A few weeks ago I was at Williams Gun Sight and Guns Galore. Both places had 22 LR ammo. I bought 2 boxes at Williams which was all they would let me buy. The price was $2.99 At Guns Galore they had plenty of ammo but there prices on 22LR started at $6.99 a box and up. Ridiculous. Gouging is what I call it. FWIW Grade6man


----------



## bbi-smoke (Feb 21, 2010)

Did ya try the gun barn? 

posted using Outdoor Hub Campfire


----------



## MERGANZER (Aug 24, 2006)

If the paranoid sportsmen wouldnt go in and buy 2,500 rounds every trip there would be plenty for us that want a box or 2.

Ganzer


----------



## MDH (Aug 1, 2006)

MERGANZER said:


> If the paranoid sportsmen wouldnt go in and buy 2,500 rounds every trip there would be plenty for us that want a box or 2.
> 
> Ganzer


Exactly.
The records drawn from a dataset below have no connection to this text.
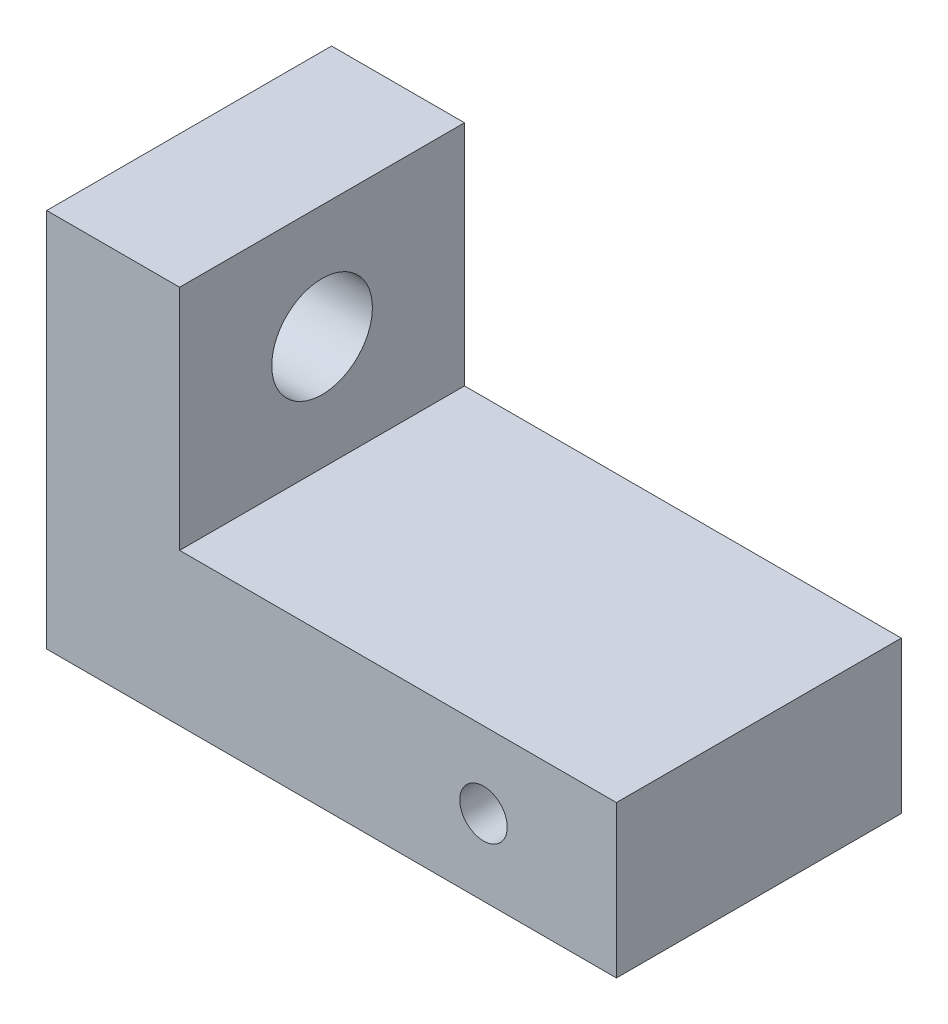
SolidWorks part; units mm, degrees
ref_plane "Front Plane" through (0, 0, 0) normal (0, 0, 1) x (1, 0, 0)
ref_plane "Top Plane" through (0, 0, 0) normal (0, 1, 0) x (1, 0, 0)
ref_plane "Right Plane" through (0, 0, 0) normal (1, 0, 0) x (0, 0, -1)
sketch "Sketch1" plane through (0, 0, 0) normal (0, 0, 1) x (1, 0, 0)
  line L0 (0, 0) -> (30, 0)
  line L1 (30, 0) -> (30, 8)
  line L2 (30, 8) -> (7, 8)
  line L3 (7, 8) -> (7, 20)
  line L4 (7, 20) -> (0, 20)
  line L5 (0, 20) -> (0, 0)
  dimension "D1" = 30
  dimension "D2" = 8
  dimension "D3" = 7
  dimension "D4" = 20
extrude "Boss-Extrude1" add sketch "Sketch1" along normal blind 15
sketch "Sketch3" plane through (7, 0, 0) normal (1, 0, 0) x (0, 0, -1)
  line L0 (-7.5, 20) -> (-7.5, 8) construction
  line L1 (-15, 20) -> (0, 20) construction
  line L2 (-15, 8) -> (0, 8) construction
  line L3 (0, 14) -> (-15, 14) construction
  line L4 (0, 8) -> (0, 20) construction
  line L5 (-15, 8) -> (-15, 20) construction
  circle A0 centre (-7.5, 14) radius 2.65
  dimension "D1" = 5.3
extrude "Cut-Extrude1" cut sketch "Sketch3" against normal blind 15
sketch "Sketch4" plane through (0, 0, 15) normal (0, 0, 1) x (1, 0, 0)
  line L0 (30, 4) -> (0, 4) construction
  line L1 (30, 0) -> (30, 8) construction
  line L2 (0, 20) -> (0, 0) construction
  point P6 (23, 4)
  dimension "D1" = 7
hole_wizard "M3 Tapped Hole1" positions "3DSketch1" profile "Sketch6" tap size "M3" standard "DIN" end condition through all
sketch3d "3DSketch1"
  point P0 (23, 4, 15)
sketch "Sketch6" plane through (23, 4, 15) normal (1, 0, 0) x (0, -1, 0)
  line L0 (0, 0) -> (0, 15)
  line L1 (0, 15) -> (1.25, 15)
  line L2 (1.25, 15) -> (1.25, 0)
  line L5 (1.25, 0) -> (0, 0)
  line L11 (0, -6.35) -> (0, 107.95) construction
  dimension "Thru Tap Drill Dia." = 2.5
  dimension "Thru Tap Drill Depth" = 15
cosmetic thread "Hole Thread1" parameters "D2"=3
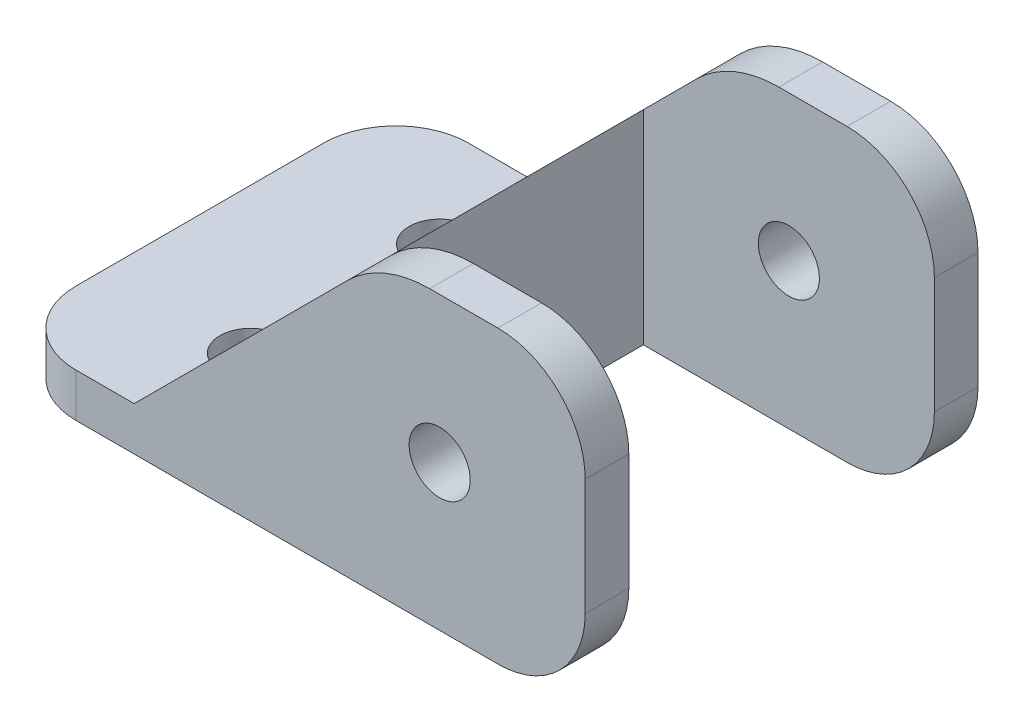
SolidWorks part; units mm, degrees
ref_plane "前视基准面" through (0, 0, 0) normal (0, 0, 1) x (1, 0, 0)
ref_plane "上视基准面" through (0, 0, 0) normal (0, 1, 0) x (1, 0, 0)
ref_plane "右视基准面" through (0, 0, 0) normal (1, 0, 0) x (0, 0, -1)
other "Configuration Table"
sketch "草图1" plane through (0, 0, 0) normal (0, 1, 0) x (1, 0, 0)
  line L1 (0, 0) -> (-15, 0)
  line L2 (0, 0) -> (0, 27)
  line L3 (0, 27) -> (-15, 27)
  line L4 (-20, 5) -> (-20, 22)
  arc A0 (-15, 0) -> (-20, 5) centre (-15, 5) cw
  arc A1 (-15, 27) -> (-20, 22) centre (-15, 22) ccw
  circle A2 centre (-10, 20) radius 2.1
  circle A3 centre (-10, 7) radius 2.1
  point P7 (-20, 0)
  point P10 (-20, 27)
  dimension "D3" = 5
  dimension "D4" = 4.2
  dimension "D7" = 4.2
  dimension "D1" = 27
  dimension "D2" = 20
  dimension "D5" = 7
  dimension "D6" = 7
  dimension "D8" = 10
  dimension "D9" = 10
extrude "凸台-拉伸1" add sketch "草图1" along normal blind 3
sketch "草图3" plane through (0, 0, 0) normal (0, 1, 0) x (1, 0, 0)
  line L0 (0, 27) -> (20, 27)
  line L1 (20, 27) -> (20, 24)
  line L2 (20, 24) -> (0, 24)
  line L3 (0, 0) -> (0, 27) construction
  line L4 (0, 24) -> (0, 27)
  line L5 (0, 0) -> (20, 0)
  line L6 (20, 0) -> (20, 3)
  line L7 (20, 3) -> (0, 3)
  line L8 (0, 3) -> (0, 0)
  dimension "D1" = 20
  dimension "D2" = 3
  dimension "D3" = 3
  dimension "D4" = 20
extrude "凸台-拉伸2" add sketch "草图3" along normal blind 20
fillet "圆角2" radius 6 4 edges at (20, 20, -1.5) (20, 0, -1.5) (20, 20, -25.5) (20, 0, -25.5)
chamfer "倒角2" distance 6 angle 45 2 edges at (0, 20, -1.5) (0, 20, -25.5)
fillet "圆角3" radius 8 2 edges at (6, 20, -1.5) (6, 20, -25.5)
sketch "草图8" plane through (0, 0, -27) normal (0, 0, -1) x (-1, 0, 0)
  line L0 (0, 14) -> (11, 3)
  line L1 (0, 3) -> (15, 3) construction
  line L2 (11, 3) -> (0, 3)
  line L3 (0, 3) -> (0, 14)
  dimension "D1" = 45
extrude "凸台-拉伸5" add sketch "草图8" against normal blind 26
sketch "草图12" plane through (0, 0, 0) normal (0, 0, 1) x (1, 0, 0)
  line L0 (20, 14) -> (20, 6) construction
  line L1 (55, 0) -> (-55, 0) construction
  circle A0 centre (10, 10) radius 2.1
  dimension "D1" = 4.2
  dimension "D2" = 10
  dimension "D3" = 10
extrude "切除-拉伸4" cut sketch "草图12" against normal blind 30
sketch "草图13" plane through (0, 3, 0) normal (0, 1, 0) x (1, 0, 0)
  circle A0 centre (-10, 20) radius 4
  circle A1 centre (-10, 7) radius 4
  dimension "D1" = 8
  dimension "D2" = 8
extrude "切除-拉伸5" cut sketch "草图13" along normal blind 30
sketch "草图14" plane through (0, 0, 0) normal (0, 0, 1) x (1, 0, 0)
  line L0 (0, 3) -> (0, 14)
  line L1 (0, 14) -> (-11, 3)
  line L2 (-11, 3) -> (0, 3)
extrude "凸台-拉伸6" add sketch "草图14" against normal blind 2

Very frustrating. 

posted using Outdoor Hub Campfire


----------



## piscatorial warrior (Sep 14, 2011)

I heard from a buddy that the federal gov't bought up millions of rounds that's why there's a shortage. Don't know if there's any truth to that but he usaully knows what he's talking about. Did anyone else hear that ?


----------



## ih772 (Jan 28, 2003)

They bought millions of rounds of .22LR?


----------



## bbi-smoke (Feb 21, 2010)

ih772 said:


> They bought millions of rounds of .22LR?


I saw some government agents buying all they could the other day! 

posted using Outdoor Hub Campfire


----------



## ih772 (Jan 28, 2003)

Sure you did. Got any pics? What federal agency were they with when they were buying up all the .22 LR ammo?


----------



## bbi-smoke (Feb 21, 2010)

ih772 said:


> Sure you did. Got any pics? What federal agency were they with when they were buying up all the .22 LR ammo?


I don't know, they were wearing black suits and black sunglasses! One looked like tommy lee Jones and the other like will smith! They had everyone look at a weird light before they left, but I didn't look! 

posted using Outdoor Hub Campfire


----------



## WoW. (Aug 11, 2011)

MERGANZER said:


> If the paranoid sportsmen wouldnt go in and buy 2,500 rounds every trip there would be plenty for us that want a box or 2.
> 
> Ganzer


 
Remember the 7P's.


Last summer, I got 15K of Blazer bulk pack just in case.

I am glad that I did. Is that the paranoia of which you speak?


----------



## ESOX (Nov 20, 2000)

2.5K rounds of .22 is usually a warm weather month for my kids and myself.


----------



## micooner (Dec 20, 2003)

ih772 said:


> Sure you did. Got any pics? What federal agency were they with when they were buying up all the .22 LR ammo?


Don't know if they bought any 22 ammo but they did buy over 1.6 Billion rounds over the last 10 months just google "government buying ammo" Forbes has some articles and also it is on Breitbarts website, Now if I could only stop the black helicopters from buzzing me LOL


----------



## Boatown (Nov 27, 2004)

Today I purchased 2500 rounds of winchester in a can at dunhams for 175 for my AR- 15 I purchased the bolt kit allowing me to shoot 22 long or a quick change I can shoot 223 That's why the shortage the AR guys are buying it all up The ammo is out there at stores If we stop buying it for the private sector the ammo prices will come back down


----------